Being the only NA LCS team to not make a single player change during the offseason, Counter Logic Gaming heads into 2017 with their entire 2016 season roster.
- Darshan “Darshan” Upadhyaya
- Jake “Xmithie” Puchero
- Choi “Huhi” Jae-hyun
- Trevor “Stixxay” Hayes
- Zaqueri “Aphromoo” Black
Finally winning their first NA LCS title, and later attending the world championship after failing to qualify for almost three consecutive years, 2015 was arguably CLG’s best year within League of Legends.
CLG made waves during the 2016 preseason through their roster moves. CLG, in what was unarguably the biggest roster change in the history of western LoL, decided to kick their star AD Carry, Yiliang “Doublelift” Peng, who had been on the team for four years. This decision was met with huge controversy, and CLG was heavily criticised for this decision. A few months after this decision, CLG announced that Stixxay, who previously played for their challenger team, would be promoted to the main roster, becoming CLG’s new ADC.
The second roster move CLG made during the 2016 preseason was the decision to start Huhi, who was previously an in-house sub for CLG, in the mid lane over Eugene “Pobelter” Park. While not criticised as heavily as Doublelift’s removal, many people were confused and sceptical of this decision by CLG.

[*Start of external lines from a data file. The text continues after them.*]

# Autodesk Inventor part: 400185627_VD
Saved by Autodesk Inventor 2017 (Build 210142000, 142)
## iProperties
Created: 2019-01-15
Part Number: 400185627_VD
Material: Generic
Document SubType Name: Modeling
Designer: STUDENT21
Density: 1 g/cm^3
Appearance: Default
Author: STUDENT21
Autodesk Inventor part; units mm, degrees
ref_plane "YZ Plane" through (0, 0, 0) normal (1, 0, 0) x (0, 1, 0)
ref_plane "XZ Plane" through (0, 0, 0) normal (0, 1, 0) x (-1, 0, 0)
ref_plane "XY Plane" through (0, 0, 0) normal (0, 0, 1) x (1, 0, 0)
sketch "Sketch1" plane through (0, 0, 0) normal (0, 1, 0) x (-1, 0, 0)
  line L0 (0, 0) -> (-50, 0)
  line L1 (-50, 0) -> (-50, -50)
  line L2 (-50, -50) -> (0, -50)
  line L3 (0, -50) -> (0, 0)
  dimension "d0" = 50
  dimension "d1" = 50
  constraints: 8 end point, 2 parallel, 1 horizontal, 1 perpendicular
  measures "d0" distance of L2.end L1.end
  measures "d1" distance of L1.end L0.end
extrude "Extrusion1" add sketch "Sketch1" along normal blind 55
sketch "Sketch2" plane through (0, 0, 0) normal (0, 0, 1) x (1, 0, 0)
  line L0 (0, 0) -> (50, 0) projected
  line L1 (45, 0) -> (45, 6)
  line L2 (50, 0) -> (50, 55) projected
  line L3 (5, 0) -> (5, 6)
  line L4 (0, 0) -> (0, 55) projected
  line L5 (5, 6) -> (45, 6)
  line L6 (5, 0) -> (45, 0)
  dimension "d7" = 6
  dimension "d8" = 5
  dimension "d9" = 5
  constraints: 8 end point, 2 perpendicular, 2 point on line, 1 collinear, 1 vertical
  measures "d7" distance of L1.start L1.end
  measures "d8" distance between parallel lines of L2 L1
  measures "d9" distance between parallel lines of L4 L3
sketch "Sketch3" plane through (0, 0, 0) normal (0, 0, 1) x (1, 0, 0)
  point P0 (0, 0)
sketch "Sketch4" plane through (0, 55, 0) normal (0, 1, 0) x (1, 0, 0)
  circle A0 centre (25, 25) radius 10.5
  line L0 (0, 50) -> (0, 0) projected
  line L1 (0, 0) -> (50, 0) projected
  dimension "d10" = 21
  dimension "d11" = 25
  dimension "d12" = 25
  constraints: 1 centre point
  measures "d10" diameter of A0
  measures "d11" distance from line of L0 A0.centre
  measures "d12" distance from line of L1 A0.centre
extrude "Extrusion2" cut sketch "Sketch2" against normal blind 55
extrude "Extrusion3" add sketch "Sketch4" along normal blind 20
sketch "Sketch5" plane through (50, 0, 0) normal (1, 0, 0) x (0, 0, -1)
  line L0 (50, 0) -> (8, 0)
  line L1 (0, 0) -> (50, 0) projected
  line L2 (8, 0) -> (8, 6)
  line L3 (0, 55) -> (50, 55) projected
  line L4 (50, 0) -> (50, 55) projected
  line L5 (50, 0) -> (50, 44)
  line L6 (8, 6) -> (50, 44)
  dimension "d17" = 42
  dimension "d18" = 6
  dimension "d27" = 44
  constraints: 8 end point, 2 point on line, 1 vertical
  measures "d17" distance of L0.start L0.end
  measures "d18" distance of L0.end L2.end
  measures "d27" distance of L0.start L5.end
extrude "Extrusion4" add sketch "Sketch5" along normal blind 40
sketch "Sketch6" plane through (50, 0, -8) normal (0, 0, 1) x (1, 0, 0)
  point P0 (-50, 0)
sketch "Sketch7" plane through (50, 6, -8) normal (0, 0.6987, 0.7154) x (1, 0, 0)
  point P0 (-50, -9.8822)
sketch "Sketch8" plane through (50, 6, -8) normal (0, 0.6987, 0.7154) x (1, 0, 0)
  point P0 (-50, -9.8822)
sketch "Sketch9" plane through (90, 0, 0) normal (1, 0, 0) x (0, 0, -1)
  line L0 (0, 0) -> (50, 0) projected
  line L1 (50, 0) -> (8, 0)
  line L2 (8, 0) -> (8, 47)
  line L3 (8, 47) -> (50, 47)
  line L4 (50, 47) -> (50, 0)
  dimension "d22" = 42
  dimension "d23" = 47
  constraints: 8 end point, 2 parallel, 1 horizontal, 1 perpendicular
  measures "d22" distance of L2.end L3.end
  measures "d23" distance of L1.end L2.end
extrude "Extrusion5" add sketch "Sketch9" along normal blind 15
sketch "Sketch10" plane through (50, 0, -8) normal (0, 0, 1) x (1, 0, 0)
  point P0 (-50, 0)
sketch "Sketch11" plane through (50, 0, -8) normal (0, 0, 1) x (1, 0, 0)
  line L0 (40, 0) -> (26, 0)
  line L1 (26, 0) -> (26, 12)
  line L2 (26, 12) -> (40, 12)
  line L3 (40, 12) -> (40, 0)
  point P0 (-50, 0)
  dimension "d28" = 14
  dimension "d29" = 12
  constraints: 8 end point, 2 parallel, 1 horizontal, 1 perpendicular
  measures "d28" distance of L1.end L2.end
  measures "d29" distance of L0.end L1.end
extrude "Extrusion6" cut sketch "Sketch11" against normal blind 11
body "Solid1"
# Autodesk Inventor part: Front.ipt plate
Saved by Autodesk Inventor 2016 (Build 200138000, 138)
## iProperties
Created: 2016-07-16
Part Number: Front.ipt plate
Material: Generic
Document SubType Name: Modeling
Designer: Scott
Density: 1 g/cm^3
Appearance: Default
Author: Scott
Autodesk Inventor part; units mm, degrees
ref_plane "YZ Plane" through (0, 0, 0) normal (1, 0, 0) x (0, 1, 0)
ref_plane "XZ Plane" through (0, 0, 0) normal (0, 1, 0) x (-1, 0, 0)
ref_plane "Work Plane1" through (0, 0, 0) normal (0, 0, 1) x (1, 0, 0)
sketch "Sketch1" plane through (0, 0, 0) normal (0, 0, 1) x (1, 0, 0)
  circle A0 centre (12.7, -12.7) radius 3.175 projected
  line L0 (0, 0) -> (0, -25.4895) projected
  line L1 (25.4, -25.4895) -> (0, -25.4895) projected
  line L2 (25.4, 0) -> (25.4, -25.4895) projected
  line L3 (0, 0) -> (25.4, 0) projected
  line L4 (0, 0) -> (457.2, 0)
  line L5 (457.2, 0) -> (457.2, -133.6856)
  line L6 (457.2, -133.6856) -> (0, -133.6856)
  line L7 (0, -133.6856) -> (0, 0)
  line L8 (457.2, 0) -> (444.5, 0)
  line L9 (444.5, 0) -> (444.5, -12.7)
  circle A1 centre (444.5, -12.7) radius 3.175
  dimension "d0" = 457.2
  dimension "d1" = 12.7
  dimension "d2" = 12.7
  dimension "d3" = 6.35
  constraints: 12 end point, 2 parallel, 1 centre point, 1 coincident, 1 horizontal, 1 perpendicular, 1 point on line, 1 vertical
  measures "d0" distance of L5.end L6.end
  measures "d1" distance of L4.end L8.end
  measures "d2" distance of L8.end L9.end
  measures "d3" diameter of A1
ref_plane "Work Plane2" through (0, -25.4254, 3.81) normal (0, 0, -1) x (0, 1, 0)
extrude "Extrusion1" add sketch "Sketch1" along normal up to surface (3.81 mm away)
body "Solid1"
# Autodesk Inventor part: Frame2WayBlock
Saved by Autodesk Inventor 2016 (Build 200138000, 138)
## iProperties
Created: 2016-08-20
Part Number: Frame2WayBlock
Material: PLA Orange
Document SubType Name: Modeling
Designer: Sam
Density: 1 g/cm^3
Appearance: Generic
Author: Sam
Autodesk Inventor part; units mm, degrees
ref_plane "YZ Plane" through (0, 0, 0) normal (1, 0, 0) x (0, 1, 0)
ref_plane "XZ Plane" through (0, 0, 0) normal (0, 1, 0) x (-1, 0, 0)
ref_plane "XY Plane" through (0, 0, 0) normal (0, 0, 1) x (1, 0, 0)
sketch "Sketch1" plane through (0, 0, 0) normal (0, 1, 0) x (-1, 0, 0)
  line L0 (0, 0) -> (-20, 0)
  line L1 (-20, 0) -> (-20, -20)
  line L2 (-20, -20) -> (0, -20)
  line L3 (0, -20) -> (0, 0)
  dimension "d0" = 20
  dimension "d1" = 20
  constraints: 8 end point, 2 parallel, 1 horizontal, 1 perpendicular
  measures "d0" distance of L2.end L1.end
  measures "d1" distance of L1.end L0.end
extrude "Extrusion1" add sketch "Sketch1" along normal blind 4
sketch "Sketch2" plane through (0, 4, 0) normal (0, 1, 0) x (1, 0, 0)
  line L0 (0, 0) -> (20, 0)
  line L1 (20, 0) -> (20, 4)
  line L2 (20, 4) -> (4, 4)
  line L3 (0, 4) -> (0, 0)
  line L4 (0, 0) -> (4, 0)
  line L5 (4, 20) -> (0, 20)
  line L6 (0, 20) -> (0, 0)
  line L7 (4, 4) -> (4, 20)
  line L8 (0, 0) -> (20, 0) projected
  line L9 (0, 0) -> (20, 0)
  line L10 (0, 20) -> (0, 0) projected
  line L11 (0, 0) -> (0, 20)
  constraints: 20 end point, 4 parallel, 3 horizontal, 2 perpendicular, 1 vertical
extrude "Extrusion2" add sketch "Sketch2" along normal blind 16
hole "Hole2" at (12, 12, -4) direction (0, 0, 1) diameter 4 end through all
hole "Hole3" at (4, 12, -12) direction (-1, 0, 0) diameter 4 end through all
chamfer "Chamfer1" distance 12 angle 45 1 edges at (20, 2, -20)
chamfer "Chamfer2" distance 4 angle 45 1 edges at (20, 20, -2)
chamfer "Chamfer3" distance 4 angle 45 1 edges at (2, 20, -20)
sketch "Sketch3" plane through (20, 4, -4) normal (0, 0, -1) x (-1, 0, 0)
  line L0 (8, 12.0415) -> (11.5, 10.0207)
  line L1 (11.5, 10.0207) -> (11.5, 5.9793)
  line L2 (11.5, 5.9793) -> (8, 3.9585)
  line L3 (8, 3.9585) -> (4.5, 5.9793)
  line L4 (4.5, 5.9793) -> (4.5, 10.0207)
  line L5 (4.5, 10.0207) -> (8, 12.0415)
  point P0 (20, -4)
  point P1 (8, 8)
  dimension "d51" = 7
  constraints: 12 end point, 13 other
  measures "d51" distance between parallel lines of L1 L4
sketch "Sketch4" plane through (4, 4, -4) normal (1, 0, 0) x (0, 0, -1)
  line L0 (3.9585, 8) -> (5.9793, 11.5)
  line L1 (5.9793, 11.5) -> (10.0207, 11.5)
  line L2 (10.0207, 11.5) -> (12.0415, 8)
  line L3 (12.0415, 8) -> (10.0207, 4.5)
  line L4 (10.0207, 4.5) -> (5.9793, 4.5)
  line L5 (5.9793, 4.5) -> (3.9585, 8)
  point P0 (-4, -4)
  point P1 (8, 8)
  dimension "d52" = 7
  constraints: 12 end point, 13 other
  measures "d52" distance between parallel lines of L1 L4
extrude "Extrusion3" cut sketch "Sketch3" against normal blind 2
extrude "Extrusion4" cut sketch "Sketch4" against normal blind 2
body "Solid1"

Despite all the naysayers writing them off, CLG finished the spring split regular season second, and were the only team to beat Immortals, who looked unstoppable. Narrowly winning both the semifinals and finals 3-2, CLG won the 2016 spring split, and became back-to-back champions.
Since they were the NA LCS champions, CLG was sent to the 2016 Mid Season Invitational as North America’s representative. CLG’s performance at MSI was spectacular. CLG managed to defeat world champions SK Telecom T1 in the group stage, and entered the bracket stage in second place. CLG then took down Taiwan’s Flash Wolves to make the finals of MSI. Despite losing to SKT in the finals, CLG made history for NA, as this was the farthest any NA team had made it at a Riot sanctioned tournament.
After basking in success for almost a full year, CLG began to fall off in the summer split. CLG ended the summer regular split in fourth place, and for the first time in three splits, CLG did not receive a playoff bye. After beating Team Liquid in the quarterfinals, CLG fell to Team SoloMid in the semifinals of the 2016 summer playoffs. In the third place decider match, CLG lost to Immortals in a close 3-2 series.
Although they finished fourth in the playoffs, due to their championship points, CLG qualified for 2016 world championships as NA’s second seed. CLG ended their 2016 competitive season after finishing third in their world’s group, thus being eliminated from the world championship.
While every other team in the league made a roster change of some sort, CLG alone chose to continue with their current roster heading into 2017. CLG’s amazing teamwork and map movements stem from their synergy as a team, which they gained through playing together for a year and half. It’s understandable that CLG would try and retain their world class teamwork by keeping their entire roster, despite more talented alternative options being available. This decision by CLG is a testament to how much the team values teamwork.
Despite roster criticisms, CLG will perform above the community’s expectations in early 2017. Many underestimate just how important team play is in League of Legends. At least half of the NA LCS teams made three or more roster changes during this past offseason. Even with the talent some of these teams managed to acquire, it will force them to build synergy, which will take time, especially with the new Korean imports that barely speak English. Not every new team will magically work perfectly at the start, like the 2016 Immortals. Team’s like CLG, who retained their core, will easily beat most of these teams in the early split, simply due to better team play.
But this team play would only go so far as the split progresses. As these new rosters gain decent synergy, CLG’s major strength loses effectiveness. If by the end of the split CLG continues to solely rely on their team play, they will get outclassed by team’s like Cloud9, who have comparable teamwork, but have much more skilled players. While it’s safe to assume they can make playoffs, CLG will need to have their solo lanes playing much better if they want to make a deep playoff run. If Huhi and Darshan cannot raise their skill level, CLG can kiss their chance at a MSI reappearance goodbye.